Tabel 8 Hasil uji LOPAT isolat kelompok fluorescence terbanyak Uji LOPAT Kode isolat Levan Oksidase Potato
Soft rot Arginin Tobacco hyper- sensitive F3 + + - + + - F4 + + - + + - F7 + + - + + - F9 - - + - - - F11 + + - + + - P. fluorescens RH4003 + + - + + -
Hasil uji levan, diketahui hanya isolat F9 yang bereaksi negatif (Tabel 8). Sedangkan isolat lainnya menunjukkan reaksi yang positif. Reaksi positif ditandai dengan koloni yang cembung, membentuk kubah (Gambar 15). Levan terbentuk sebagai akibat aktifitas enzim dari levan sukrase dalam sukrosa (disakarida yang terdiri dari glukosa dan fruktosa). Glukosa dimetabolisme dan fruktosa dipolimerasi (Schaad 2001).

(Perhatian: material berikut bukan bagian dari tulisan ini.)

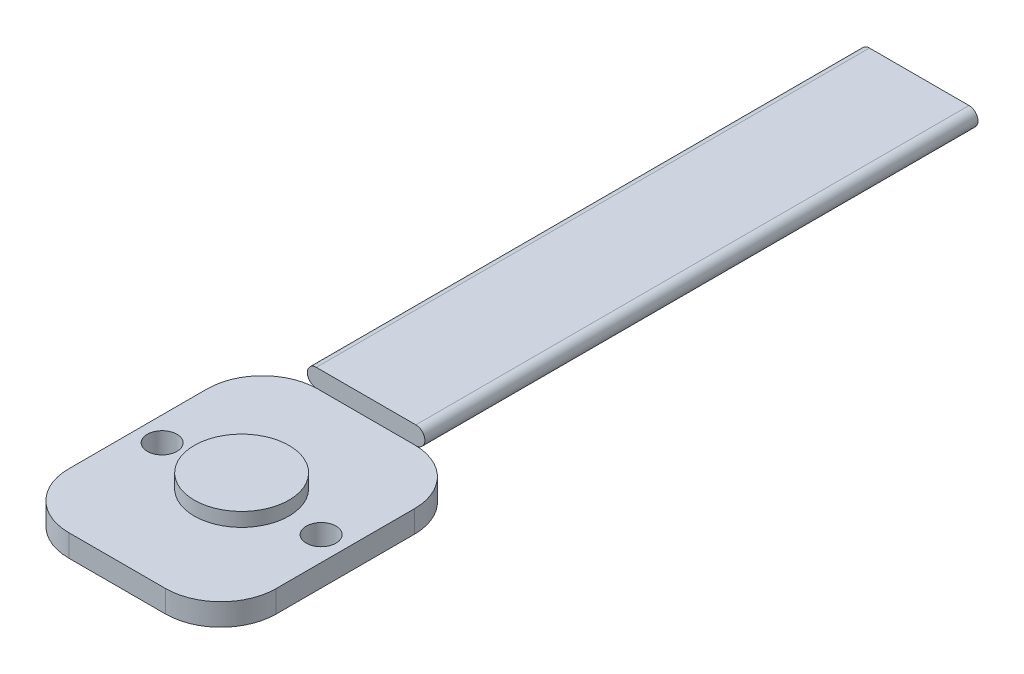
ISO-10303-21;
HEADER;
FILE_DESCRIPTION(('STEP AP214'),'2;1');
FILE_NAME('part.step','',(''),(''),'','','');
FILE_SCHEMA(('AUTOMOTIVE_DESIGN { 1 0 10303 214 1 1 1 1 }'));
ENDSEC;
DATA;
#1=APPLICATION_CONTEXT('core data for automotive mechanical design processes');
#2=APPLICATION_PROTOCOL_DEFINITION('international standard','automotive_design',2000,#1);
#3=PRODUCT_CONTEXT('',#1,'mechanical');
#4=PRODUCT('Part','Part','',(#3));
#5=PRODUCT_RELATED_PRODUCT_CATEGORY('part','',(#4));
#6=PRODUCT_DEFINITION_FORMATION('','',#4);
#7=PRODUCT_DEFINITION_CONTEXT('part definition',#1,'design');
#8=PRODUCT_DEFINITION('design','',#6,#7);
#9=PRODUCT_DEFINITION_SHAPE('','',#8);
#10=(LENGTH_UNIT() NAMED_UNIT(*) SI_UNIT(.MILLI.,.METRE.));
#11=(NAMED_UNIT(*) PLANE_ANGLE_UNIT() SI_UNIT($,.RADIAN.));
#12=(NAMED_UNIT(*) SI_UNIT($,.STERADIAN.) SOLID_ANGLE_UNIT());
#13=UNCERTAINTY_MEASURE_WITH_UNIT(LENGTH_MEASURE(1.E-05),#10,'distance_accuracy_value','');
#14=(GEOMETRIC_REPRESENTATION_CONTEXT(3) GLOBAL_UNCERTAINTY_ASSIGNED_CONTEXT((#13)) GLOBAL_UNIT_ASSIGNED_CONTEXT((#10,
#11,#12)) REPRESENTATION_CONTEXT('',''));
#15=CARTESIAN_POINT('',(0.,0.,0.));
#16=DIRECTION('',(0.,0.,1.));
#17=DIRECTION('',(1.,0.,0.));
#18=AXIS2_PLACEMENT_3D('',#15,#16,#17);
#19=CARTESIAN_POINT('',(-3.6,2.25,-49.));
#20=DIRECTION('',(0.,0.,1.));
#21=DIRECTION('',(1.,0.,0.));
#22=AXIS2_PLACEMENT_3D('',#19,#20,#21);
#23=CYLINDRICAL_SURFACE('',#22,0.65);
#24=CARTESIAN_POINT('',(-3.6,2.25,-9.));
#25=DIRECTION('',(0.,0.,-1.));
#26=DIRECTION('',(-1.,0.,0.));
#27=AXIS2_PLACEMENT_3D('',#24,#25,#26);
#28=CIRCLE('',#27,0.65);
#29=CARTESIAN_POINT('',(-3.6,1.6,-9.));
#30=VERTEX_POINT('',#29);
#31=CARTESIAN_POINT('',(-3.6,2.9,-9.));
#32=VERTEX_POINT('',#31);
#33=EDGE_CURVE('E112',#30,#32,#28,.T.);
#34=ORIENTED_EDGE('',*,*,#33,.T.);
#35=DIRECTION('',(0.,0.,1.));
#36=VECTOR('',#35,1.);
#37=CARTESIAN_POINT('',(-3.6,2.9,-49.));
#38=LINE('',#37,#36);
#39=CARTESIAN_POINT('',(-3.6,2.9,-49.));
#40=VERTEX_POINT('',#39);
#41=EDGE_CURVE('E12',#40,#32,#38,.T.);
#42=ORIENTED_EDGE('',*,*,#41,.F.);
#43=CARTESIAN_POINT('',(-3.6,2.25,-49.));
#44=DIRECTION('',(0.,0.,-1.));
#45=DIRECTION('',(-1.,0.,0.));
#46=AXIS2_PLACEMENT_3D('',#43,#44,#45);
#47=CIRCLE('',#46,0.65);
#48=CARTESIAN_POINT('',(-3.6,1.6,-49.));
#49=VERTEX_POINT('',#48);
#50=EDGE_CURVE('E100',#49,#40,#47,.T.);
#51=ORIENTED_EDGE('',*,*,#50,.F.);
#52=DIRECTION('',(0.,0.,1.));
#53=VECTOR('',#52,1.);
#54=CARTESIAN_POINT('',(-3.6,1.6,-49.));
#55=LINE('',#54,#53);
#56=EDGE_CURVE('E108',#49,#30,#55,.T.);
#57=ORIENTED_EDGE('',*,*,#56,.T.);
#58=EDGE_LOOP('',(#34,#42,#51,#57));
#59=FACE_BOUND('',#58,.T.);
#60=ADVANCED_FACE('F49',(#59),#23,.T.);
#61=CARTESIAN_POINT('',(-3.6,2.9,-49.));
#62=DIRECTION('',(0.,-1.,0.));
#63=DIRECTION('',(0.,0.,-1.));
#64=AXIS2_PLACEMENT_3D('',#61,#62,#63);
#65=PLANE('',#64);
#66=DIRECTION('',(1.,0.,0.));
#67=VECTOR('',#66,1.);
#68=CARTESIAN_POINT('',(-3.6,2.9,-9.));
#69=LINE('',#68,#67);
#70=CARTESIAN_POINT('',(3.6,2.9,-9.));
#71=VERTEX_POINT('',#70);
#72=EDGE_CURVE('E104',#32,#71,#69,.T.);
#73=ORIENTED_EDGE('',*,*,#72,.T.);
#74=DIRECTION('',(0.,0.,1.));
#75=VECTOR('',#74,1.);
#76=CARTESIAN_POINT('',(3.6,2.9,-49.));
#77=LINE('',#76,#75);
#78=CARTESIAN_POINT('',(3.6,2.9,-49.));
#79=VERTEX_POINT('',#78);
#80=EDGE_CURVE('E57',#79,#71,#77,.T.);
#81=ORIENTED_EDGE('',*,*,#80,.F.);
#82=DIRECTION('',(1.,0.,0.));
#83=VECTOR('',#82,1.);
#84=CARTESIAN_POINT('',(-3.6,2.9,-49.));
#85=LINE('',#84,#83);
#86=EDGE_CURVE('E95',#40,#79,#85,.T.);
#87=ORIENTED_EDGE('',*,*,#86,.F.);
#88=ORIENTED_EDGE('',*,*,#41,.T.);
#89=EDGE_LOOP('',(#73,#81,#87,#88));
#90=FACE_BOUND('',#89,.T.);
#91=ADVANCED_FACE('F103',(#90),#65,.F.);
#92=CARTESIAN_POINT('',(3.6,2.25,-49.));
#93=DIRECTION('',(0.,0.,1.));
#94=DIRECTION('',(1.,0.,0.));
#95=AXIS2_PLACEMENT_3D('',#92,#93,#94);
#96=CYLINDRICAL_SURFACE('',#95,0.65);
#97=CARTESIAN_POINT('',(3.6,2.25,-9.));
#98=DIRECTION('',(0.,0.,-1.));
#99=DIRECTION('',(-1.,0.,0.));
#100=AXIS2_PLACEMENT_3D('',#97,#98,#99);
#101=CIRCLE('',#100,0.65);
#102=CARTESIAN_POINT('',(3.6,1.6,-9.));
#103=VERTEX_POINT('',#102);
#104=EDGE_CURVE('E82',#71,#103,#101,.T.);
#105=ORIENTED_EDGE('',*,*,#104,.T.);
#106=DIRECTION('',(0.,0.,1.));
#107=VECTOR('',#106,1.);
#108=CARTESIAN_POINT('',(3.6,1.6,-49.));
#109=LINE('',#108,#107);
#110=CARTESIAN_POINT('',(3.6,1.6,-49.));
#111=VERTEX_POINT('',#110);
#112=EDGE_CURVE('E105',#111,#103,#109,.T.);
#113=ORIENTED_EDGE('',*,*,#112,.F.);
#114=CARTESIAN_POINT('',(3.6,2.25,-49.));
#115=DIRECTION('',(0.,0.,-1.));
#116=DIRECTION('',(-1.,0.,0.));
#117=AXIS2_PLACEMENT_3D('',#114,#115,#116);
#118=CIRCLE('',#117,0.65);
#119=EDGE_CURVE('E98',#79,#111,#118,.T.);
#120=ORIENTED_EDGE('',*,*,#119,.F.);
#121=ORIENTED_EDGE('',*,*,#80,.T.);
#122=EDGE_LOOP('',(#105,#113,#120,#121));
#123=FACE_BOUND('',#122,.T.);
#124=ADVANCED_FACE('F106',(#123),#96,.T.);
#125=CARTESIAN_POINT('',(-3.6,1.6,-49.));
#126=DIRECTION('',(0.,1.,0.));
#127=DIRECTION('',(0.,0.,1.));
#128=AXIS2_PLACEMENT_3D('',#125,#126,#127);
#129=PLANE('',#128);
#130=DIRECTION('',(-1.,0.,0.));
#131=VECTOR('',#130,1.);
#132=CARTESIAN_POINT('',(-3.6,1.6,-9.));
#133=LINE('',#132,#131);
#134=EDGE_CURVE('E88',#103,#30,#133,.T.);
#135=ORIENTED_EDGE('',*,*,#134,.T.);
#136=ORIENTED_EDGE('',*,*,#56,.F.);
#137=DIRECTION('',(-1.,0.,0.));
#138=VECTOR('',#137,1.);
#139=CARTESIAN_POINT('',(-3.6,1.6,-49.));
#140=LINE('',#139,#138);
#141=EDGE_CURVE('E65',#111,#49,#140,.T.);
#142=ORIENTED_EDGE('',*,*,#141,.F.);
#143=ORIENTED_EDGE('',*,*,#112,.T.);
#144=EDGE_LOOP('',(#135,#136,#142,#143));
#145=FACE_BOUND('',#144,.T.);
#146=ADVANCED_FACE('F119',(#145),#129,.F.);
#147=CARTESIAN_POINT('',(-3.6,2.25,-49.));
#148=DIRECTION('',(0.,0.,-1.));
#149=DIRECTION('',(-1.,0.,0.));
#150=AXIS2_PLACEMENT_3D('',#147,#148,#149);
#151=PLANE('',#150);
#152=ORIENTED_EDGE('',*,*,#50,.T.);
#153=ORIENTED_EDGE('',*,*,#86,.T.);
#154=ORIENTED_EDGE('',*,*,#119,.T.);
#155=ORIENTED_EDGE('',*,*,#141,.T.);
#156=EDGE_LOOP('',(#152,#153,#154,#155));
#157=FACE_BOUND('',#156,.T.);
#158=ADVANCED_FACE('F96',(#157),#151,.T.);
#159=CARTESIAN_POINT('',(-3.6,2.25,-9.));
#160=DIRECTION('',(0.,0.,-1.));
#161=DIRECTION('',(-1.,0.,0.));
#162=AXIS2_PLACEMENT_3D('',#159,#160,#161);
#163=PLANE('',#162);
#164=ORIENTED_EDGE('',*,*,#33,.F.);
#165=ORIENTED_EDGE('',*,*,#134,.F.);
#166=ORIENTED_EDGE('',*,*,#104,.F.);
#167=ORIENTED_EDGE('',*,*,#72,.F.);
#168=EDGE_LOOP('',(#164,#165,#166,#167));
#169=FACE_BOUND('',#168,.T.);
#170=ADVANCED_FACE('F122',(#169),#163,.F.);
#171=CLOSED_SHELL('',(#60,#91,#124,#146,#158,#170));
#172=MANIFOLD_SOLID_BREP('B2',#171);
#173=CARTESIAN_POINT('',(-3.5,1.6,5.));
#174=DIRECTION('',(0.,-1.,0.));
#175=DIRECTION('',(0.,0.,-1.));
#176=AXIS2_PLACEMENT_3D('',#173,#174,#175);
#177=PLANE('',#176);
#178=CARTESIAN_POINT('',(0.,1.6,0.));
#179=DIRECTION('',(0.,1.,0.));
#180=DIRECTION('',(0.,0.,1.));
#181=AXIS2_PLACEMENT_3D('',#178,#179,#180);
#182=CIRCLE('',#181,3.42647578680288);
#183=CARTESIAN_POINT('',(0.,1.6,3.42647578680288));
#184=VERTEX_POINT('',#183);
#185=EDGE_CURVE('E47',#184,#184,#182,.T.);
#186=ORIENTED_EDGE('',*,*,#185,.F.);
#187=EDGE_LOOP('',(#186));
#188=FACE_BOUND('',#187,.T.);
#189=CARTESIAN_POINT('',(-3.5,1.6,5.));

Gambar 15 Uji levan isolat fluorescence (A); Reaksi positif uji levan, koloni
seperti kubah (cembung jelas), putih, mucoid (B); Reaksi negatif uji levan, koloni datar, tidak berkilau dan transparan (C).
Pengujian yang kedua adalah uji oksidase. Enzim oksidase memegang peranan yang penting dalam operasi sistem transport elektron selama proses respirasi secara aerob. Cytocrom oksidase, mengkatalisis oksidasi dengan mereduksi molekul oksigen (O2), menyebabkan atau menghasilkan bentuk H2O atau H2O2. Bakteri yang anaerobik, sebagiamana beberapa yang fakultatif anaerobik dan mikro aerophilik, memperlihatkan aktifitas oksidase (Salle 1973).
Gambar 16 Reaksi oksidase isolat fluorescence (A); Reaksi oksidase positif (+) berwarna ungu (B.a); Reaksi oksidase negatif (-) tidak terjadi perubahan warna (B.b).
Pengujian yang ketiga adalah Potato Soft Root. Pengujian ini dilakukan untuk mengetahui aktivitas pektolitik isolat bakteri yang diuji yakni dalam menghasilkan enzim pektinase (Schaad 2001). Diketahui bahwa hanya isolat bakteri F9 yang bereaksi positif, artinya hanya isolat bakteri tersebut yang mampu menghasilkan enzim pektinase (Gambar 17). Sedangkan, pengujian terakhir yaitu reaksi hidrolisis arginin. Hasilnya diketahui bahwa isolat F3, F4, F7
dan F11 bereaksi positif. Hal ini menunjukkan bahwa isolat-isolat tersebut bersifat anaerob. Fahl dan Hayward (1983) menyatakan bahwa enzim arginin desmidase di dalam bakteri memiliki peranan sebagai pendegradasi arginin yang sangat dibutuhkan untuk tumbuh pada kondisi anaerobik. Enzim-enzim tersebut (generate) ATP dengan cara mengubah arginin menjadi ornitin dengan cara menggenerasi CO2 dan NH3. Perubahan warna terjadi karena reaksi yang bersifat alkalin merupakan reaksi yang bersifat alkalin dari produksi NH3 pada lingkungan yang anaerob.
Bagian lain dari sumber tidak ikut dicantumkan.